I improved my benchmarking methodology to build all alu64 and alu32
binaries first, and never change them later. Then used a script to load and
collect the processed number. (borrowed the script from
https://github.com/4ast/bpf_cilium_test/, only my binaries are built from
latest Cilium repo and contains alu32 version as well)

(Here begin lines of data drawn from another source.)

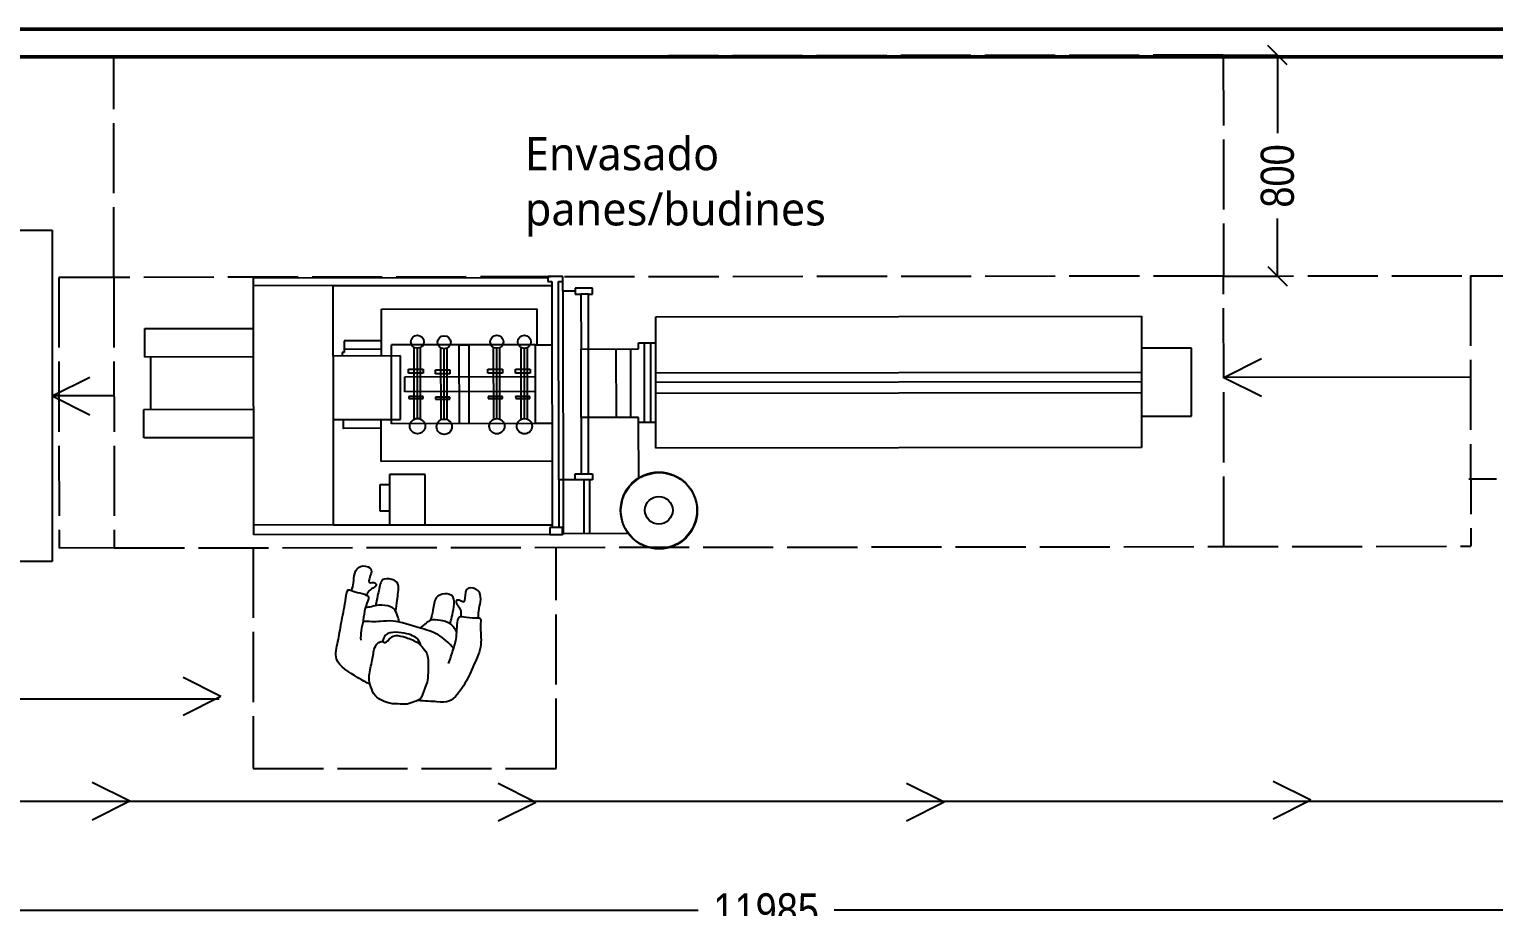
# Model space of a CAD drawing. Header units: millimetres. Extents: x 44692 to 172587, y -26854 to 14445.
# Drawn here: x 55995 to 61300, y -11263 to -8084 of the extents above; entities that cross this region are included whole.
import ezdxf

# ---------------------------------------------------------------- set-up
doc = ezdxf.new("R2010")
doc.units = ezdxf.units.MM
doc.header["$LTSCALE"] = 100
doc.linetypes.add('DASHEDX2', pattern=[3.048, 2.54, -0.508])
for name, color, linetype in [('Area proceso', 90, 'DASHEDX2'), ('Cotas secundarias', 41, 'Continuous'), ('Flujo linea A', 4, 'Continuous'), ('Maquinas', 200, 'Continuous'), ('Mesas-estantes', 230, 'Continuous'), ('Personal', 171, 'Continuous'), ('rotulo', 211, 'Continuous')]:
    doc.layers.add(name, color=color, linetype=linetype)
doc.layers.add('Flujo personas', color=7, linetype='Continuous', true_color=0x4991c1)
doc.layers.add('Paredes', color=7, linetype='Continuous', lineweight=50)
doc.styles.add('OpenSans', font='OpenSans-Regular.ttf')
doc.styles.add('OpenSansCondensed-Light', font='OpenSansCondensed-Light.ttf')
doc.dimstyles.new('Cotas Mateo', dxfattribs={"dimtxt": 120, "dimasz": 70, "dimexe": 0.375, "dimexo": 0.125, "dimgap": 0.1, "dimtad": 1, "dimdec": 0, "dimzin": 12, "dimdsep": 46, "dimtxsty": 'OpenSansCondensed-Light', "dimblk": 'OBLIQUE', "dimcen": 2.5, "dimazin": 3, "dimtfac": 0.5, "dimtdec": 0, "dimtmove": 2, "dimatfit": 3, "dimarcsym": 0})

# ---------------------------------------------------------------- blocks, each defined once
blk = doc.blocks.new('pa17-16')
for points, knots in [([(5.62, 2.5537), (5.6188, 2.5427), (5.6154, 2.5253), (5.6223, 2.4901), (5.6346, 2.4293), (5.661, 2.4064), (5.685, 2.3908), (5.7322, 2.3832), (5.7723, 2.3842), (5.7881, 2.3969), (5.8018, 2.4268), (5.8146, 2.4162), (5.8324, 2.4305), (5.8382, 2.4568), (5.8318, 2.5038), (5.8344, 2.5615), (5.8137, 2.5937), (5.7944, 2.6284), (5.7307, 2.6388), (5.7037, 2.6296), (5.6679, 2.626), (5.6442, 2.6055), (5.6228, 2.5961), (5.6214, 2.5667), (5.62, 2.5537)], [0, 0, 0, 0, 0.297584, 0.631064, 1.068635, 1.39533, 1.69617, 2.097861, 2.458938, 2.716293, 3.010442, 3.199165, 3.447293, 3.731671, 4.119196, 4.541864, 4.881702, 5.22714, 5.673063, 5.989311, 6.327668, 6.644571, 6.906626, 7.259736, 7.259736, 7.259736, 7.259736]), ([(5.5575, 2.4391), (5.5549, 2.4218), (5.5525, 2.3852), (5.5491, 2.3329), (5.5712, 2.2599), (5.5431, 2.2589), (5.5029, 2.2526), (5.4793, 2.2435), (5.4785, 2.2813), (5.4499, 2.3438), (5.4658, 2.4235), (5.4776, 2.5033), (5.5116, 2.5798), (5.5552, 2.585), (5.608, 2.5962), (5.6336, 2.6001)], [0, 0, 0, 0, 0.404899, 0.829805, 1.276298, 1.516647, 1.885942, 2.122553, 2.418487, 2.881882, 3.382407, 3.897515, 4.613825, 5.020942, 5.393355, 5.393355, 5.393355, 5.393355]), ([(5.8196, 2.5846), (5.837, 2.5819), (5.8817, 2.5675), (5.9755, 2.5418), (5.972, 2.4609), (5.9791, 2.3926), (5.9812, 2.315), (5.9891, 2.2612), (5.9692, 2.2664), (5.9401, 2.2663), (5.9063, 2.2668), (5.9005, 2.2811), (5.909, 2.3184), (5.9007, 2.3606), (5.9019, 2.4011), (5.8964, 2.4238), (5.8933, 2.4348)], [6.682038, 6.682038, 6.682038, 6.682038, 7.076266, 7.806153, 8.304227, 8.77662, 9.284333, 9.649979, 9.844608, 10.160206, 10.472731, 10.661147, 10.998544, 11.371438, 11.724832, 12.051545, 12.051545, 12.051545, 12.051545]), ([(5.6724, 2.3994), (5.675, 2.3947), (5.6837, 2.383), (5.7041, 2.3718), (5.7348, 2.3697), (5.774, 2.3728), (5.8085, 2.3874), (5.8116, 2.4015), (5.8144, 2.4199)], [0.121052, 0.121052, 0.121052, 0.121052, 0.297289, 0.584433, 0.895396, 1.26174, 1.600834, 1.760925, 1.760925, 1.760925, 1.760925]), ([(5.5522, 2.3809), (5.573, 2.3653), (5.6222, 2.3398), (5.6924, 2.3383), (5.7952, 2.3323), (5.8376, 2.352), (5.881, 2.3613), (5.9019, 2.366)], [0, 0, 0, 0, 0.49262, 0.970296, 1.525877, 1.91054, 2.357805, 2.357805, 2.357805, 2.357805]), ([(5.5552, 2.3206), (5.5597, 2.3147), (5.5706, 2.3043), (5.5892, 2.2916), (5.6248, 2.2913), (5.6613, 2.2967), (5.6731, 2.3154), (5.6858, 2.3299), (5.6912, 2.3378)], [0, 0, 0, 0, 0.262594, 0.520609, 0.853848, 1.185107, 1.43842, 1.738028, 1.738028, 1.738028, 1.738028]), ([(5.7713, 2.3359), (5.7736, 2.3305), (5.7786, 2.3203), (5.7954, 2.2951), (5.8154, 2.2848), (5.8612, 2.2906), (5.8838, 2.3057), (5.8988, 2.3117), (5.9058, 2.3148)], [0, 0, 0, 0, 0.233477, 0.532145, 0.79329, 1.163492, 1.458071, 1.725911, 1.725911, 1.725911, 1.725911]), ([(5.5867, 2.2952), (5.5866, 2.2877), (5.5872, 2.2667), (5.5883, 2.1873), (5.6353, 2.19), (5.6673, 2.2128), (5.6606, 2.2618), (5.6599, 2.2881), (5.6606, 2.3008)], [0.078483, 0.078483, 0.078483, 0.078483, 0.321516, 0.797556, 1.122606, 1.448668, 1.830958, 2.166281, 2.166281, 2.166281, 2.166281]), ([(5.7943, 2.2992), (5.7951, 2.2858), (5.7984, 2.2614), (5.8038, 2.2002), (5.8255, 2.1869), (5.8672, 2.191), (5.8755, 2.2117), (5.8718, 2.2605), (5.8715, 2.286), (5.871, 2.2978)], [0, 0, 0, 0, 0.353805, 0.775896, 1.041599, 1.377968, 1.615337, 2.001902, 2.313716, 2.313716, 2.313716, 2.313716]), ([(5.4915, 2.2484), (5.4936, 2.2374), (5.4981, 2.215), (5.4968, 2.1806), (5.512, 2.1445), (5.5569, 2.147), (5.5634, 2.1681), (5.5498, 2.2128), (5.5753, 2.1995), (5.5912, 2.209), (5.5741, 2.2257), (5.5617, 2.2339), (5.5559, 2.2515), (5.5556, 2.26)], [0, 0, 0, 0, 0.324329, 0.654038, 0.980089, 1.31306, 1.562526, 1.890179, 2.123217, 2.319335, 2.559559, 2.78492, 3.066636, 3.066636, 3.066636, 3.066636]), ([(5.9713, 2.2652), (5.9703, 2.2553), (5.9686, 2.234), (5.9786, 2.2017), (5.9668, 2.1644), (5.9218, 2.1628), (5.9134, 2.1832), (5.9229, 2.229), (5.8988, 2.2135), (5.882, 2.2215), (5.8976, 2.2397), (5.908, 2.248), (5.912, 2.2618), (5.9127, 2.2683)], [0.038839, 0.038839, 0.038839, 0.038839, 0.324329, 0.654038, 0.980089, 1.31306, 1.562526, 1.890179, 2.123217, 2.319335, 2.559559, 2.78492, 2.989829, 2.989829, 2.989829, 2.989829])]:
    blk.add_open_spline(points, degree=3, knots=knots)
blk = doc.blocks.new('_OBLIQUE')
at = {"color": 0, "linetype": 'ByBlock'}
blk.add_line((-0.5, -0.5), (0.5, 0.5), dxfattribs=at)
blk = doc.blocks.new('*D66')
at = {"layer": 'Cotas secundarias', "color": 0, "lineweight": -2, "transparency": 16777216}
for p, q in [((51968.2, -11558.6), (51968.2, -11274.9)), ((51968.2, -11275.2), (58419, -11275.2)), ((63953.1, -11275.2), (58910.6, -11275.2)), ((63953.1, -11558.6), (63953.1, -11274.9))]:
    blk.add_line(p, q, dxfattribs=at)
at = {"layer": 'Defpoints', "color": 0, "transparency": 16777216}
for p in [(51968.2, -11275.2), (51968.2, -11558.7), (63953.1, -11558.7)]:
    blk.add_point(p, dxfattribs=at)
at = {"layer": 'Cotas secundarias', "color": 0, "lineweight": -2, "transparency": 16777216, "xscale": 70, "yscale": 70, "zscale": 70, "rotation": 180}
blk.add_blockref('_OBLIQUE', (51968.2, -11275.2), dxfattribs=at)
at = {"layer": 'Cotas secundarias', "color": 0, "lineweight": -2, "transparency": 16777216, "xscale": 70, "yscale": 70, "zscale": 70}
blk.add_blockref('_OBLIQUE', (63953.1, -11275.2), dxfattribs=at)
at = {"layer": 'Cotas secundarias', "color": 0, "transparency": 16777216, "insert": (58664.8, -11275.2), "char_height": 120, "attachment_point": 5, "style": 'OpenSansCondensed-Light'}
blk.add_mtext('11985', dxfattribs=at)
blk = doc.blocks.new('*D86')
at = {"layer": 'Cotas secundarias', "color": 0, "lineweight": -2, "transparency": 16777216}
for p, q in [((60320.9, -8178.1), (60517.7, -8178.1)), ((60517.3, -8178.1), (60517.3, -8461)), ((60517.3, -8978.1), (60517.3, -8769.8)), ((60321.9, -8978.1), (60517.7, -8978.1))]:
    blk.add_line(p, q, dxfattribs=at)
at = {"layer": 'Defpoints', "color": 0, "transparency": 16777216}
for p in [(60320.8, -8178.1), (60517.3, -8178.1), (60321.8, -8978.1)]:
    blk.add_point(p, dxfattribs=at)
at = {"layer": 'Cotas secundarias', "color": 0, "lineweight": -2, "transparency": 16777216, "xscale": 70, "yscale": 70, "zscale": 70}
for p, rotation in [((60517.3, -8178.1), 90), ((60517.3, -8978.1), 270)]:
    blk.add_blockref('_OBLIQUE', p, dxfattribs=dict(at, rotation=rotation))
at = {"layer": 'Cotas secundarias', "color": 0, "transparency": 16777216, "insert": (60517.3, -8615.4), "char_height": 120, "attachment_point": 5, "rotation": 90, "style": 'OpenSansCondensed-Light'}
blk.add_mtext('800', dxfattribs=at)

msp = doc.modelspace()

# ---------------------------------------------------------------- linework, layer by layer
at = {"layer": 'Area proceso', "linetype": 'DASHEDX2'}
for p, q in [((56100.79, -8183.333), (56100.791, -8184.125)), ((58310.788, -8180.602), (56301.773, -8184.124)), ((60320.786, -8178.118), (58310.788, -8180.602)), ((60320.786, -8178.118), (60321.775, -8978.117)), ((56101.889, -8983.36), (56103.237, -9963.331)), ((60321.775, -8978.117), (61216.161, -8977.012)), ((61216.161, -8977.012), (61217.372, -9957.011)), ((61216.161, -8977.012), (61216.161, -9712.718))]:
    msp.add_line(p, q, dxfattribs=at)
at = {"layer": 'Area proceso'}
for p, q in [((56301.778, -8983.085), (56301.773, -8184.124)), ((56301.778, -8983.085), (56101.889, -8983.36)), ((60321.775, -8978.117), (56301.778, -8983.085)), ((56301.778, -8983.085), (56302.989, -9963.084)), ((60322.986, -9958.116), (60321.775, -8978.117)), ((61216.161, -8977.012), (62110.547, -8977.012)), ((56302.989, -9963.084), (56103.237, -9963.359)), ((56302.989, -9963.084), (61217.372, -9957.011)), ((56806.605, -9962.462), (56806.605, -10762.462)), ((57904.432, -10762.462), (57903.442, -9961.106)), ((56806.605, -10762.462), (57904.432, -10762.462))]:
    msp.add_line(p, q, dxfattribs=at)
at = {"layer": 'Area proceso', "color": 3}
msp.add_line((61210.547, -9712.718), (61310.547, -9712.718), dxfattribs=at)
at = {"layer": 'Flujo linea A'}
for p, q in [((60322.313, -9345.118), (60459.037, -9276.756)), ((56077.905, -9412.274), (56214.629, -9343.912)), ((61216.161, -9344.865), (60322.23, -9345.969)), ((60322.313, -9345.118), (60459.037, -9413.48)), ((56077.905, -9412.274), (56214.629, -9480.636)), ((56302.309, -9412.471), (56077.905, -9412.471))]:
    msp.add_line(p, q, dxfattribs=at)
at = {"layer": 'Flujo personas'}
for p, q in [((56689.681, -10501.352), (56552.957, -10432.99)), ((56689.681, -10501.352), (56552.957, -10569.714)), ((53737.192, -10509.73), (56683.19, -10509.73)), ((56360.13, -10880.921), (56223.406, -10812.559)), ((57830.18, -10884.944), (57693.456, -10816.582)), ((59309.932, -10884.378), (59173.207, -10816.016)), ((60638.512, -10877.197), (60501.787, -10808.835)), ((53737.192, -10880.454), (63349.16, -10880.454)), ((56360.13, -10880.921), (56223.406, -10949.284)), ((57830.18, -10884.944), (57693.456, -10953.306)), ((59309.932, -10884.378), (59173.207, -10952.741)), ((60638.512, -10877.197), (60501.787, -10945.559))]:
    msp.add_line(p, q, dxfattribs=at)
at = {"layer": 'Maquinas'}
for p, q in [((56807.177, -8984.492), (57873.971, -8983.174)), ((56808.328, -9915.729), (56807.177, -8984.492)), ((57095.582, -9012.803), (56807.212, -9013.159)), ((57928.487, -8979.483), (57873.966, -8979.551)), ((57873.966, -8979.551), (57873.989, -8997.389)), ((57873.989, -8997.389), (57888.559, -8997.371)), ((57888.559, -8997.371), (57889.661, -9889.338)), ((57912.873, -8997.341), (57928.509, -8997.322)), ((57913.761, -9716.602), (57912.873, -8997.341)), ((57927.94, -9032.706), (57928.072, -8997.322)), ((57928.509, -8997.322), (57928.487, -8979.483)), ((57972.519, -9032.651), (57927.94, -9032.706)), ((57927.94, -9032.706), (57929.03, -9914.069)), ((58035.388, -9021.483), (57972.505, -9021.561)), ((57972.505, -9021.561), (57972.533, -9043.741)), ((57972.533, -9043.741), (57993.818, -9043.714)), ((58020.715, -9043.681), (57993.818, -9043.714)), ((57993.818, -9043.714), (57994.064, -9242.472)), ((58020.715, -9043.681), (58035.416, -9043.663)), ((58021.519, -9694.12), (58020.715, -9043.681)), ((58035.416, -9043.663), (58035.388, -9021.483)), ((57271.331, -9097.884), (57833.553, -9097.19)), ((57271.541, -9267.617), (57271.331, -9097.884)), ((57833.553, -9097.19), (57833.714, -9227.213)), ((58264.934, -9125.934), (60024.469, -9123.76)), ((60024.469, -9123.76), (60025.057, -9599.597)), ((56414.219, -9168.251), (56807.404, -9167.765)), ((56414.347, -9271.509), (56414.219, -9168.251)), ((58265.522, -9601.772), (58264.934, -9125.934)), ((57271.473, -9212.598), (57136.064, -9212.766)), ((57136.064, -9212.766), (57136.102, -9243.707)), ((57829.095, -9227.219), (57307.435, -9227.864)), ((57307.787, -9512.934), (57307.435, -9227.864)), ((57552.946, -9227.56), (57587.656, -9227.517)), ((57553.299, -9512.63), (57552.946, -9227.56)), ((57587.656, -9227.517), (57588.009, -9512.587)), ((57829.095, -9227.219), (57888.842, -9227.145)), ((57829.448, -9512.289), (57829.095, -9227.219)), ((58201.973, -9219.913), (58265.05, -9219.835)), ((58202.001, -9242.215), (58201.973, -9219.913)), ((58224.16, -9508.413), (58223.803, -9219.886)), ((58247.365, -9508.385), (58247.009, -9219.857)), ((56807.531, -9271.024), (56414.347, -9271.509)), ((56434.45, -9271.485), (56434.684, -9461.195)), ((57339.675, -9267.533), (57095.897, -9267.834)), ((57095.897, -9267.834), (57096.181, -9497.852)), ((57136.115, -9254.501), (57128.191, -9254.511)), ((57128.191, -9254.511), (57128.207, -9267.794)), ((57271.511, -9243.54), (57136.102, -9243.707)), ((57136.102, -9243.707), (57136.115, -9254.501)), ((57339.96, -9497.55), (57339.675, -9267.533)), ((57388.124, -9235.695), (57388.828, -9497.261)), ((57401.634, -9494.112), (57401.318, -9237.957)), ((57412.689, -9496.394), (57412.248, -9237.005)), ((57485.074, -9237.784), (57485.778, -9499.349)), ((57498.584, -9496.2), (57498.267, -9240.046)), ((57509.639, -9498.482), (57509.198, -9239.093)), ((57675.817, -9235.833), (57676.521, -9497.399)), ((57689.326, -9494.25), (57689.01, -9238.095)), ((57700.381, -9496.532), (57699.941, -9237.143)), ((57775.601, -9236.067), (57776.304, -9497.633)), ((57789.11, -9494.484), (57788.794, -9238.329)), ((57800.165, -9496.766), (57799.725, -9237.377)), ((57994.064, -9242.472), (58202.001, -9242.215)), ((57994.37, -9490.577), (57994.064, -9242.472)), ((58122.2, -9490.419), (58121.893, -9242.314)), ((58174.412, -9490.355), (58174.105, -9242.249)), ((60205.677, -9239.662), (60024.612, -9239.886)), ((60205.98, -9485.111), (60205.677, -9239.662)), ((57369.356, -9315.367), (57422.056, -9315.302)), ((57369.374, -9330.043), (57369.356, -9315.367)), ((57422.074, -9329.978), (57369.374, -9330.043)), ((57422.056, -9315.302), (57422.074, -9329.978)), ((57466.305, -9317.455), (57519.005, -9317.39)), ((57466.323, -9332.132), (57466.305, -9317.455)), ((57519.023, -9332.066), (57466.323, -9332.132)), ((57519.005, -9317.39), (57519.023, -9332.066)), ((57657.048, -9315.505), (57709.748, -9315.44)), ((57657.066, -9330.181), (57657.048, -9315.505)), ((57709.766, -9330.116), (57657.066, -9330.181)), ((57709.748, -9315.44), (57709.766, -9330.116)), ((57756.832, -9315.739), (57809.532, -9315.674)), ((57756.85, -9330.415), (57756.832, -9315.739)), ((57809.55, -9330.35), (57756.85, -9330.415)), ((57809.532, -9315.674), (57809.55, -9330.35)), ((58265.184, -9328.741), (60024.719, -9326.566)), ((57355.823, -9343.023), (57829.238, -9342.438)), ((57355.89, -9397.402), (57355.823, -9343.023)), ((60024.763, -9361.679), (58265.228, -9363.853)), ((57829.305, -9396.817), (57355.89, -9397.402)), ((57421.734, -9414.24), (57369.817, -9414.514)), ((57369.817, -9414.514), (57369.826, -9421.862)), ((57369.826, -9421.862), (57421.743, -9421.798)), ((57421.743, -9421.798), (57421.734, -9414.24)), ((57518.683, -9416.329), (57466.766, -9416.603)), ((57466.766, -9416.603), (57466.775, -9423.95)), ((57466.775, -9423.95), (57518.693, -9423.886)), ((57518.693, -9423.886), (57518.683, -9416.329)), ((57709.426, -9414.378), (57657.509, -9414.652)), ((57657.509, -9414.652), (57657.518, -9422)), ((57657.518, -9422), (57709.435, -9421.936)), ((57709.435, -9421.936), (57709.426, -9414.378)), ((57809.21, -9414.612), (57757.293, -9414.886)), ((57757.293, -9414.886), (57757.302, -9422.234)), ((57757.302, -9422.234), (57809.219, -9422.17)), ((57809.219, -9422.17), (57809.21, -9414.612)), ((60024.812, -9401.645), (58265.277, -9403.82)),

I ran this new benchmarking env for several times, and could get the
following new results consistently:
bpf_lb-DLB_L3.o: 2085/2085 1685/1687
bpf_lb-DLB_L4.o: 2287/2287 1986/1982
bpf_lb-DUNKNOWN.o: 690/690 622/622
bpf_lxc.o: 95033/95033 N/A
bpf_netdev.o: 7245/7245 N/A
bpf_overlay.o: 2898/2898 3085/2947
No change on alu64 binary.
For alu32, bpf_overlay.o still get fewer processed instruction number, this
is because there is the following sequence (and another similar one).
Before this patch, r2 at insn 139 is unknown, so verifier always explore
both path-taken and path-fall_through. After this patch, it explores
path-fall_through only, so saved some insns.
129: (b4) (u32) r7 = (u32) -140
...
136: (bc) (u32) r2 = (u32) r7
137: (74) (u32) r2 >>= (u32) 31
138: (4c) (u32) r2 |= (u32) r1
139: (15) if r2 == 0x0 goto pc+342
140: (b4) (u32) r1 = (u32) 2
And a permissive register value for r2 hasn't released more path prune for
this test, so in all, after this patch, there is fewer processed insn.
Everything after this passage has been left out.